Instructions for the task: The answer must reproduce the listing exactly, with every picture left out.
══════════
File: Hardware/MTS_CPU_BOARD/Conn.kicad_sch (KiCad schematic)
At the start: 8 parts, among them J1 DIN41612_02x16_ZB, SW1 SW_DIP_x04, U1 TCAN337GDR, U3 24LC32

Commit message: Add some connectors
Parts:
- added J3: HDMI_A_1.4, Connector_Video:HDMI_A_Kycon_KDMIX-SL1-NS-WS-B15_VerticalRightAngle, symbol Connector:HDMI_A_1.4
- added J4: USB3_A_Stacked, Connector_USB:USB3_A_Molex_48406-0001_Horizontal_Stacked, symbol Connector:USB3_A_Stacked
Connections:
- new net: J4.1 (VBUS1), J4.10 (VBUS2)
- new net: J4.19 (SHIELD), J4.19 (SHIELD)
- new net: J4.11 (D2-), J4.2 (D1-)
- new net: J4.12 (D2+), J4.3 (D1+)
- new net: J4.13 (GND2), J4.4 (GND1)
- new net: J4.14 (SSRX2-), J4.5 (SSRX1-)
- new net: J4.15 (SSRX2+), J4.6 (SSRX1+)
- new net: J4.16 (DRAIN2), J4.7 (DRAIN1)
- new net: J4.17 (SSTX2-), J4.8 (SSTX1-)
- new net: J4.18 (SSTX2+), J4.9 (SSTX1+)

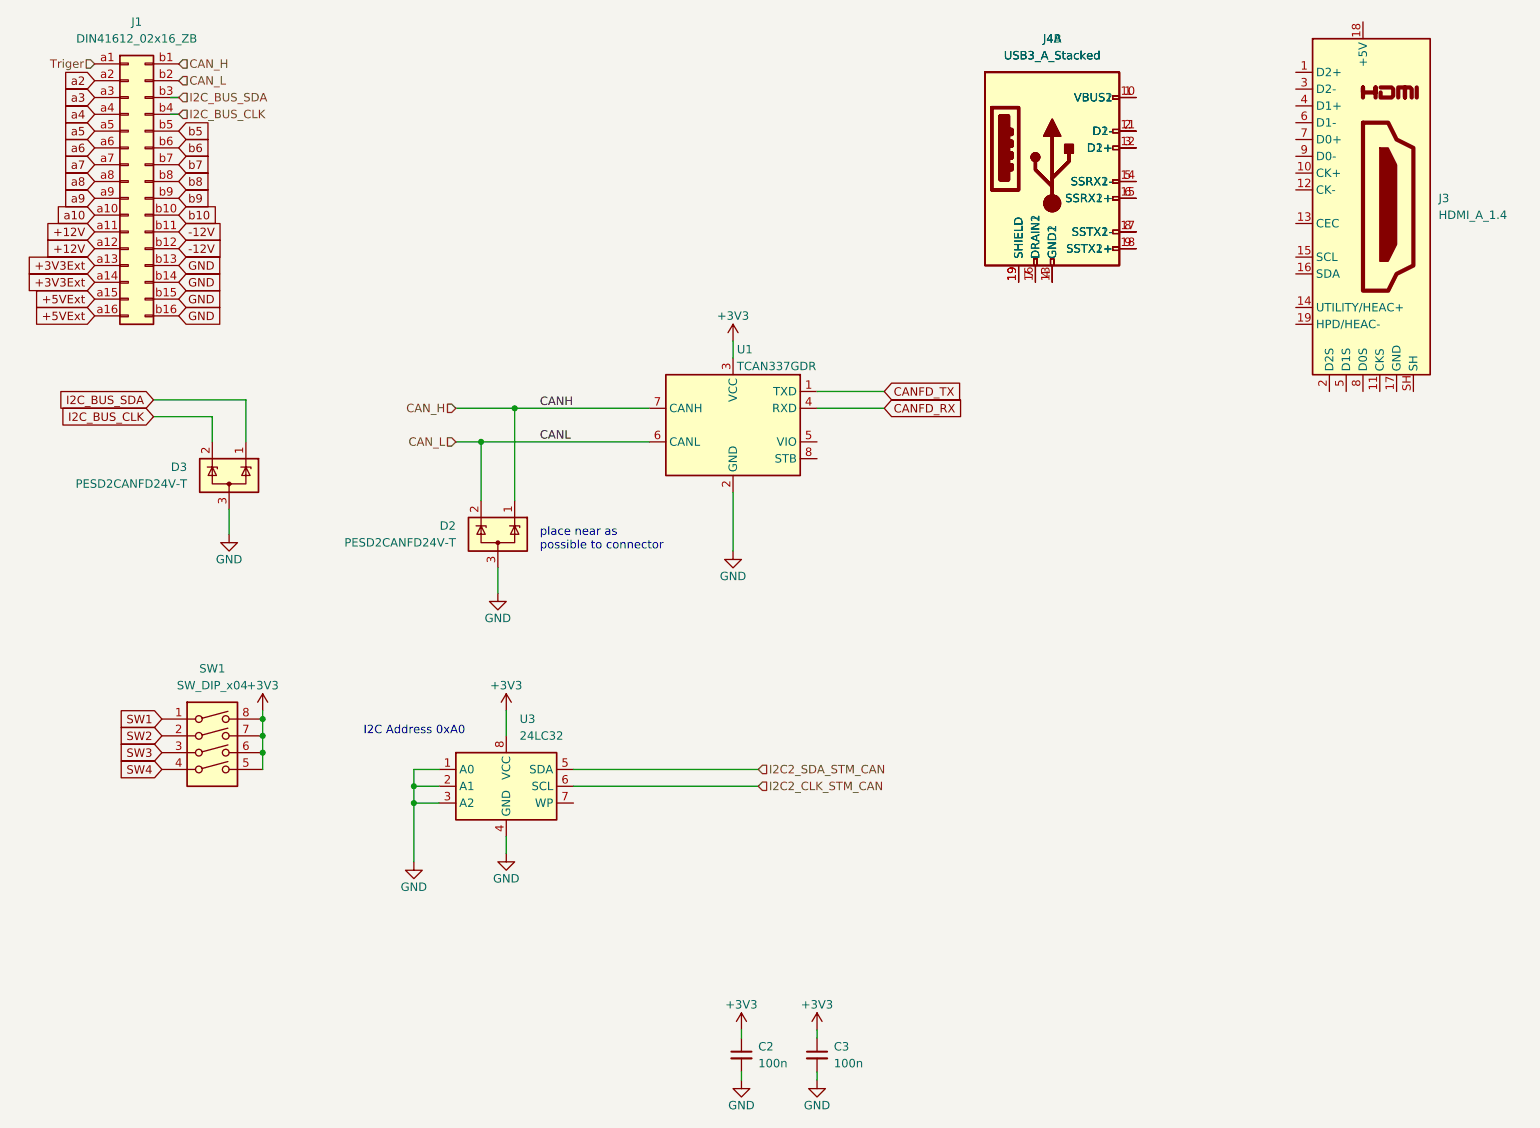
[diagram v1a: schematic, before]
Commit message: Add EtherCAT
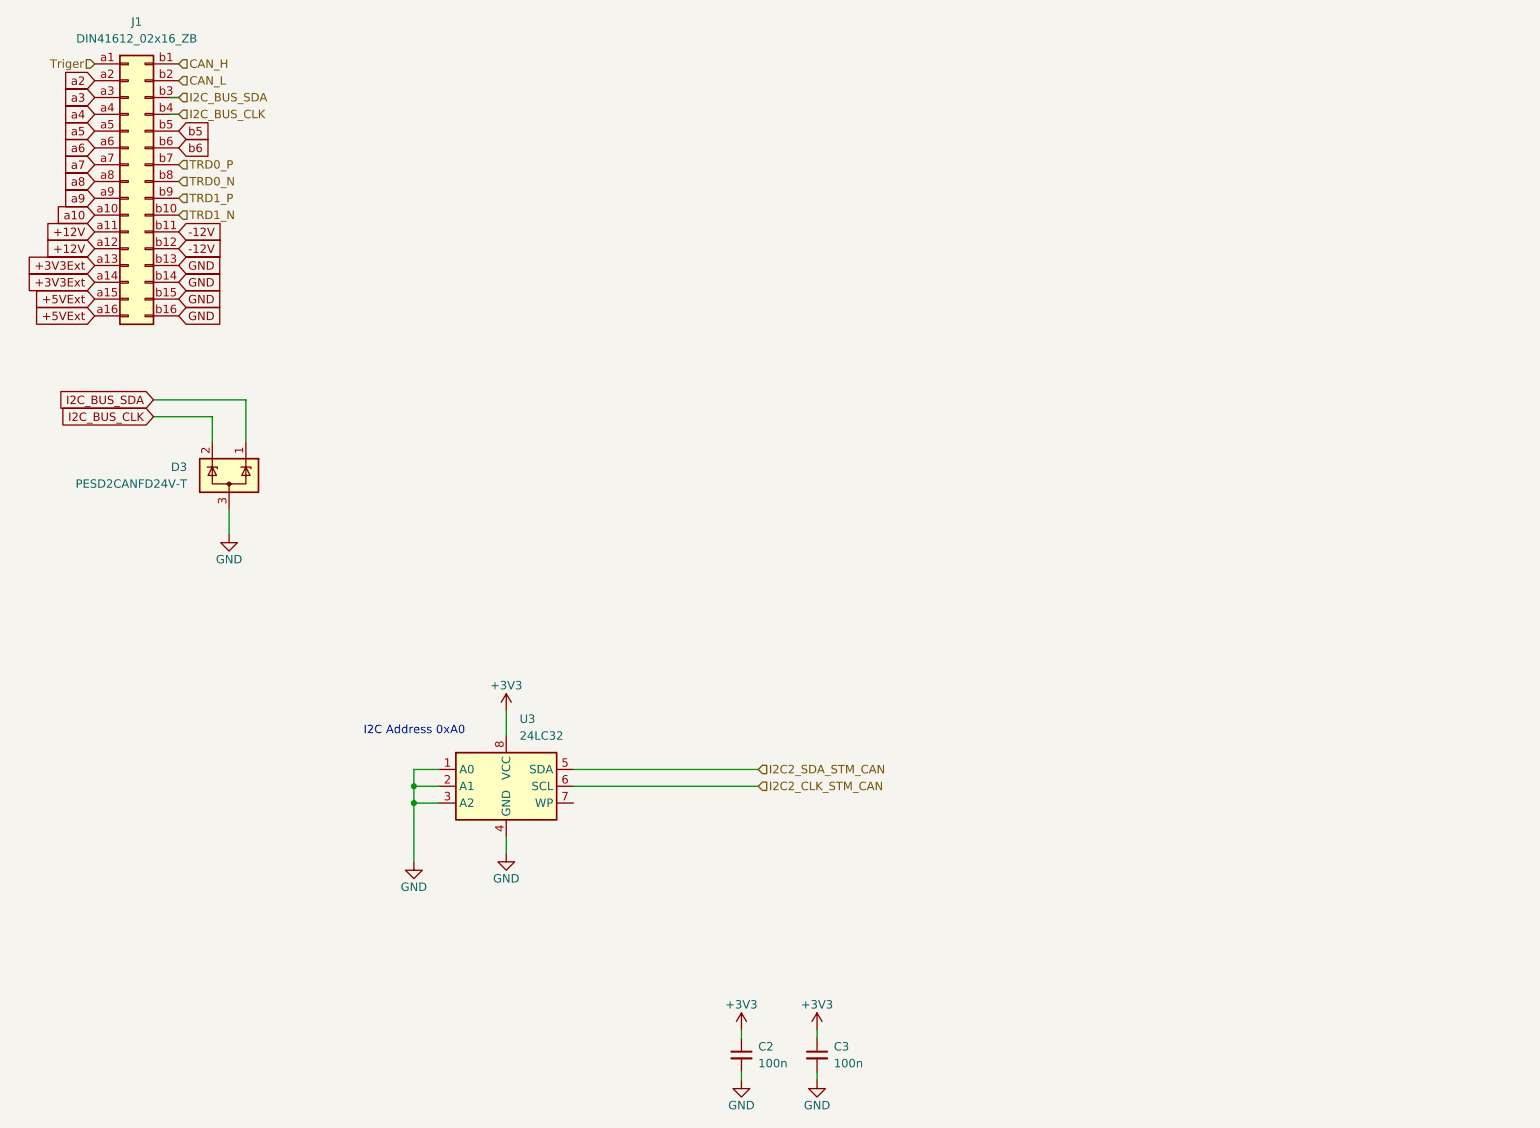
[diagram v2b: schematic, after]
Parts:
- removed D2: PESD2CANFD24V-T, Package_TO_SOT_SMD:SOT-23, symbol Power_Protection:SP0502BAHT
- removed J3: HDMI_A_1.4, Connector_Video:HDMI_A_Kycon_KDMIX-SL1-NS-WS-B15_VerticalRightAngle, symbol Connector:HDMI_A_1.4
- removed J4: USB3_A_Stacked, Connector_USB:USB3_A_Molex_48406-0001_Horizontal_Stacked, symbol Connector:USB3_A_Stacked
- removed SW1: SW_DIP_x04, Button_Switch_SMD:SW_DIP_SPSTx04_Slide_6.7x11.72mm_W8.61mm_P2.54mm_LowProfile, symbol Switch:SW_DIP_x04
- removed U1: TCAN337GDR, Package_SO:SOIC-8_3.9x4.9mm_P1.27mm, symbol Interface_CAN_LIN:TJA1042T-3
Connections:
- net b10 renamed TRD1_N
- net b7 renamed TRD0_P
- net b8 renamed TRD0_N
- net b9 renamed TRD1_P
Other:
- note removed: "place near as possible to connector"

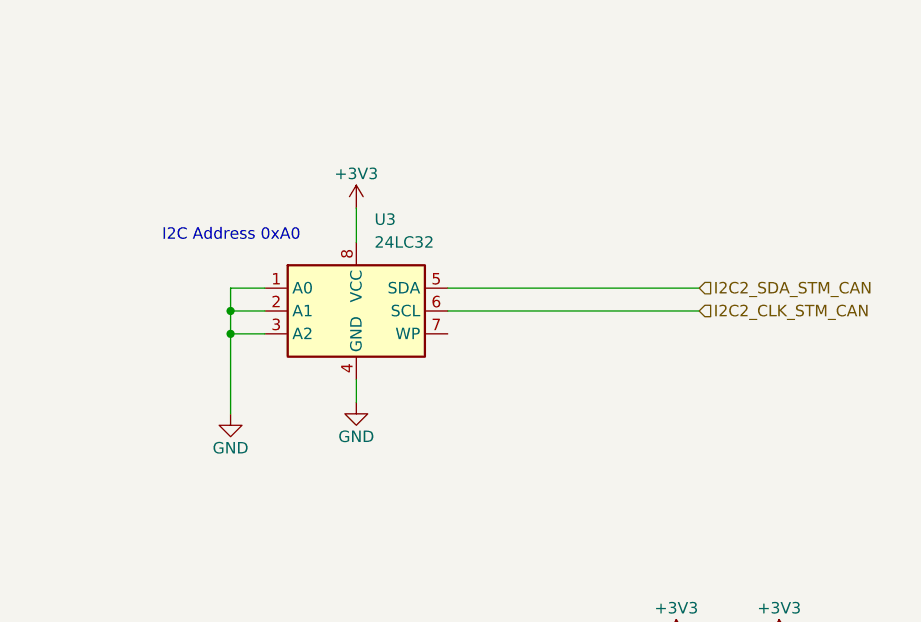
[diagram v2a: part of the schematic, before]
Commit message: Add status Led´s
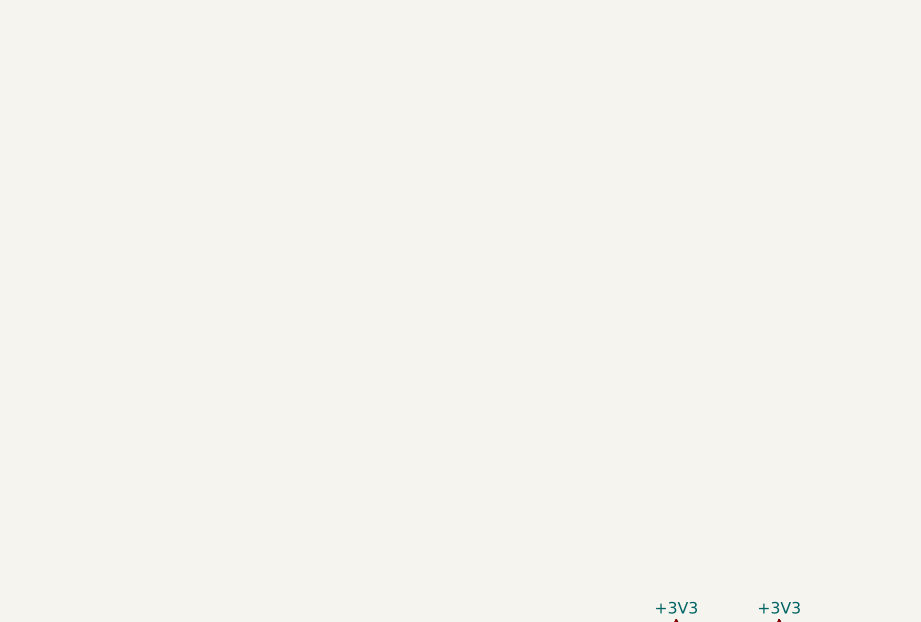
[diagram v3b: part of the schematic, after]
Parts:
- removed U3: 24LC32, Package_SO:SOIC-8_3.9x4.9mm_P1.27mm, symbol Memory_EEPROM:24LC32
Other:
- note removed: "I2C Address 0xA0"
══════════
Answer box:
File: Hardware/MTS_CPU_BOARD/Conn.kicad_sch (KiCad schematic)
At the start: 8 parts, among them J1 DIN41612_02x16_ZB, SW1 SW_DIP_x04, U1 TCAN337GDR, U3 24LC32

Commit message: Add some connectors
Parts:
- added J3: HDMI_A_1.4, Connector_Video:HDMI_A_Kycon_KDMIX-SL1-NS-WS-B15_VerticalRightAngle, symbol Connector:HDMI_A_1.4
- added J4: USB3_A_Stacked, Connector_USB:USB3_A_Molex_48406-0001_Horizontal_Stacked, symbol Connector:USB3_A_Stacked
Connections:
- new net: J4.1 (VBUS1), J4.10 (VBUS2)
- new net: J4.19 (SHIELD), J4.19 (SHIELD)
- new net: J4.11 (D2-), J4.2 (D1-)
- new net: J4.12 (D2+), J4.3 (D1+)
- new net: J4.13 (GND2), J4.4 (GND1)
- new net: J4.14 (SSRX2-), J4.5 (SSRX1-)
- new net: J4.15 (SSRX2+), J4.6 (SSRX1+)
- new net: J4.16 (DRAIN2), J4.7 (DRAIN1)
- new net: J4.17 (SSTX2-), J4.8 (SSTX1-)
- new net: J4.18 (SSTX2+), J4.9 (SSTX1+)

[diagram v1a: schematic, before]
Commit message: Add EtherCAT
[diagram v2b: schematic, after]
Parts:
- removed D2: PESD2CANFD24V-T, Package_TO_SOT_SMD:SOT-23, symbol Power_Protection:SP0502BAHT
- removed J3: HDMI_A_1.4, Connector_Video:HDMI_A_Kycon_KDMIX-SL1-NS-WS-B15_VerticalRightAngle, symbol Connector:HDMI_A_1.4
- removed J4: USB3_A_Stacked, Connector_USB:USB3_A_Molex_48406-0001_Horizontal_Stacked, symbol Connector:USB3_A_Stacked
- removed SW1: SW_DIP_x04, Button_Switch_SMD:SW_DIP_SPSTx04_Slide_6.7x11.72mm_W8.61mm_P2.54mm_LowProfile, symbol Switch:SW_DIP_x04
- removed U1: TCAN337GDR, Package_SO:SOIC-8_3.9x4.9mm_P1.27mm, symbol Interface_CAN_LIN:TJA1042T-3
Connections:
- net b10 renamed TRD1_N
- net b7 renamed TRD0_P
- net b8 renamed TRD0_N
- net b9 renamed TRD1_P
Other:
- note removed: "place near as possible to connector"

[diagram v2a: part of the schematic, before]
Commit message: Add status Led´s
[diagram v3b: part of the schematic, after]
Parts:
- removed U3: 24LC32, Package_SO:SOIC-8_3.9x4.9mm_P1.27mm, symbol Memory_EEPROM:24LC32
Other:
- note removed: "I2C Address 0xA0"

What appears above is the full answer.